On February 10, JD Cloud & AI announced that its Yanxi (言犀) AI application platform will launch an industrial version of ChatGPT: ChatJD, points into its products and services to promote the industrial implementation of AI.
NetEase Youdao may launch ChatGPT homologation technology products in the future, with application scenarios around online education.
Founder Securities pointed out in its research report that China is currently a world leader in natural language understanding and related AI technologies, with domestic AI majors such as Baidu, Tencent Youtu, Alibaba, SenseTime, Kuaishou, Bytedance, NetEase, iFLYTEK increasing their investment in the AIGC field. With the rapid development of AI technology, AI technology providers, especially NLP (natural language processing) head providers will be the first to benefit.
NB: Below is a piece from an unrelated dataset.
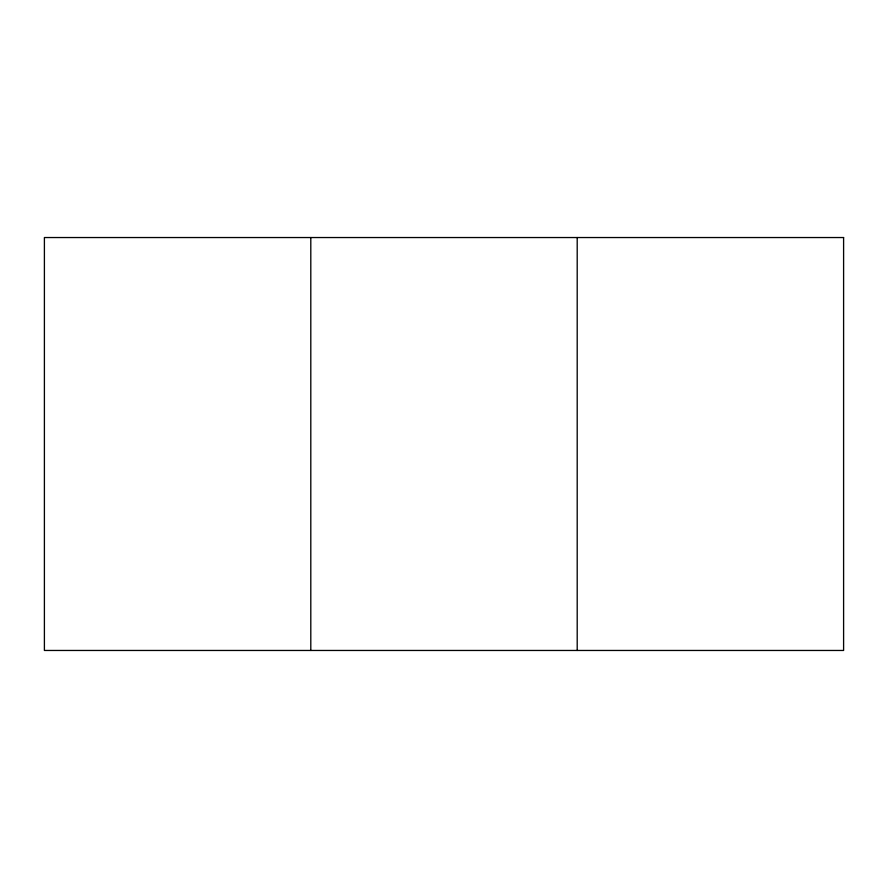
<?xml version="1.0" encoding="UTF-8"?>
<svg xmlns="http://www.w3.org/2000/svg" width="888" height="888" viewBox="0 0 888 888"><rect width="100%" height="100%" fill="white"/><g stroke="black" fill="none" stroke-linecap="round" stroke-linejoin="round"><path stroke-width="1.33" d="M577.2 237.54L577.2 650.46M310.8 237.54L310.8 650.46M843.6 237.54L44.4 237.54L44.4 650.46L843.6 650.46L843.6 237.54"/></g></svg>

It is well known that algorithms, computing power and data are the “three pillars” of the first stage of technological development in deep learning. With ChatGPT, now we are entering into a new stage of “large language models (LLMs)”. In this new stage, whoever has the massive data and computing resources will be able to build LLMs.
Right after the LLMs based on English language data, Chinese language data will undoubtedly be a new battleground, so let’s wait and see.